Filiz Toklu

Velilerin Velisi

Velilerin Velisi

Velilerin velisi….
Ankara denilince aklıma ilk gelenlerden bir tanesi kadim Anadolu topraklarına tasavvufi imza atan müderris Numan’dır…

Hayatta iken bir çok mânevî nüfuza sahip olduğu söyleniyor.
Osmanlı döneminde yaşayan şair ve mutasavvıftır.

15. yüzyılda Anadolu Türk Birliğinin yeniden sağlanmasında en az politik ve askeri güçler kadar etkili olan Anadolu sufilerinin en önemlilerinden biridir.

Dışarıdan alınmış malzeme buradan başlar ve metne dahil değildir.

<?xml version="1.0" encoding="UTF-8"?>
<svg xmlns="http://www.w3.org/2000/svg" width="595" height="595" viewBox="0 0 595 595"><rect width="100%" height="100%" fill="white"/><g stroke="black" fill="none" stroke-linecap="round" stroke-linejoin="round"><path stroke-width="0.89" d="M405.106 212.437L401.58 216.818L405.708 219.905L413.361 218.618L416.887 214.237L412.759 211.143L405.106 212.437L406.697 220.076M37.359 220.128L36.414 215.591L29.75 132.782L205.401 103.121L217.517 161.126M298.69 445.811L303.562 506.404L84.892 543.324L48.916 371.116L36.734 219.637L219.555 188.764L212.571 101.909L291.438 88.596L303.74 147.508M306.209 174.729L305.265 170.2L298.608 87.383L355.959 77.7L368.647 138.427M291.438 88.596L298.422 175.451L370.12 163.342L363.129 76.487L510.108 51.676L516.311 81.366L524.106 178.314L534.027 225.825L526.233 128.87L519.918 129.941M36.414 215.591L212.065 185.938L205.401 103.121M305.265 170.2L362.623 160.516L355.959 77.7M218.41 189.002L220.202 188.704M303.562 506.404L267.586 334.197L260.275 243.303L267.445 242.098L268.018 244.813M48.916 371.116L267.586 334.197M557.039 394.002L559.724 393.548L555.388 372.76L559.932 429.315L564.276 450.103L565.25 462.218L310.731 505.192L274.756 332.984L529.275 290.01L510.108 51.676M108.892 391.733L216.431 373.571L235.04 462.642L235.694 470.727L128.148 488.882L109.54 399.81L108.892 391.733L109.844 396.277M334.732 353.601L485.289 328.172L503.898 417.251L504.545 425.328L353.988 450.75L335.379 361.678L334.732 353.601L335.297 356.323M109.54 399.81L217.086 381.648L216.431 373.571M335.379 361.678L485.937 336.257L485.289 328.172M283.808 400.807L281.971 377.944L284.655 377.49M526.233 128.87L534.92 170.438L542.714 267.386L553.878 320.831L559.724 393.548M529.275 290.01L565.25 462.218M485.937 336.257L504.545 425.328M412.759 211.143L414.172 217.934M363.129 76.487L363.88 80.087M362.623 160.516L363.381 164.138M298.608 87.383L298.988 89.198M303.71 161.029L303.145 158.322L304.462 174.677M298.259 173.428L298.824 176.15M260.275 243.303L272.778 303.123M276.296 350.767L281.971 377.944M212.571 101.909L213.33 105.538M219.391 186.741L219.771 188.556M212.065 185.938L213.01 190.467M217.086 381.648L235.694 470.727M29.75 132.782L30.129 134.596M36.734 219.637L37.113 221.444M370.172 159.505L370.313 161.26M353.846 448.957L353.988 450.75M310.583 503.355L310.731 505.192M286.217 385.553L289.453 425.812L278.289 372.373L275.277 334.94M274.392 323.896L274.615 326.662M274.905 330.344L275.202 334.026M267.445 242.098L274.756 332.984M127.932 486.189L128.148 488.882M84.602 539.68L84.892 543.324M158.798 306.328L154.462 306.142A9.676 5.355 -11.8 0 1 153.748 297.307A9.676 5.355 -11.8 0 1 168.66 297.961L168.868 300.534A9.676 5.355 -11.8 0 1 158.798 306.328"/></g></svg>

XVI. yüzyıl müelliflerinden Lâmiî Çelebi, zâtın Ankara’da Çubuk suyu diye tanınan nehrin kenarındaki Solfasol (Zülfazl) köyünde doğduğu söylenir.
740/140 yılı civarında Âşıkpaşazâde’nin, “Rum’dan Şeyh Hacı Bayram vâki oldu. Bunlar duaları makbul azizler idi” (Târih, s. 201) ifadesi yer alır.
Çocukluk yıllarından itibaren ciddi bir eğitim görmüştür. Gençlik yıllarında medrese eğitimi almış bu dönemde Tefsir, Fıkıh ve Hadis gibi şer’î ilimlerin yanında, Matematik, Felsefe, Arapça, Farsça ve Edebiyat gibi aklî şer’î ilimleri de tahsil etmiştir.
Solfasıl’da başladığı eğitimini Bursa, Kayseri ve Aksaray’daki medreselerde devam ettirdi. Tahsilini tamamladıktan sonra Ankara’ya döndü ve müderrislik yapmaya başladı. Ayrıca Yıldırım Beyâzıt’ın kapıcıbaşısı olma vazifesini deruhte etti. 805/1403 tarihinde Hamîdeddin Aksarâyî’ye (Somuncu Baba) intisap etti ve uzun yıllar onunla birlikte oldu. Somuncu Baba’nın işareti ile Ankara’ya döndü ve çiftçilikle uğraştı.

Taşköprizâde: “Kemalâtın en yüksek derecesine ulaştığını, çok etkili olan sohbetinin bereketi sayesinde birçok kimsenin yüce mertebelere vâsıl olduğunu ifade ederek bunlardan yedi kişi olan: Ömer Dede, Akbıyık, Baba Nahhâs, İnce Bedreddin, Kızılca Bedreddin, Selâhaddîn-i Bolevî, Muslihuddin Halife adını sayar”
(Nefehât Tercümesi, s. 684).

O dönemde Kayseri‘de bulunan Şeyh Hamîd-i Velî Somuncu Baba Hazretlerinin davetiyle Kayseri’ye giden Müderris Numan, Şeyh Hamid-i Veli Hazretlerine intisab ederek tasavvuf deryasına dalmıştır. Bu ziyaretin Kurban Bayramı‘na denk gelmesi dolayısıyla mürşidi Bayram adını vermiş¸ adı o günden sonra “Bayram” kalmış; şiirlerinde de bu ismi mahlâs olarak kullanmıştır. Somuncu Baba’ya intisap ettikten sonra tasavvuf yolunda kemâle ermiş¸ sohbetlerinin bereketi sayesinde de birçok kimse yüce mertebelere ulaşmıştır.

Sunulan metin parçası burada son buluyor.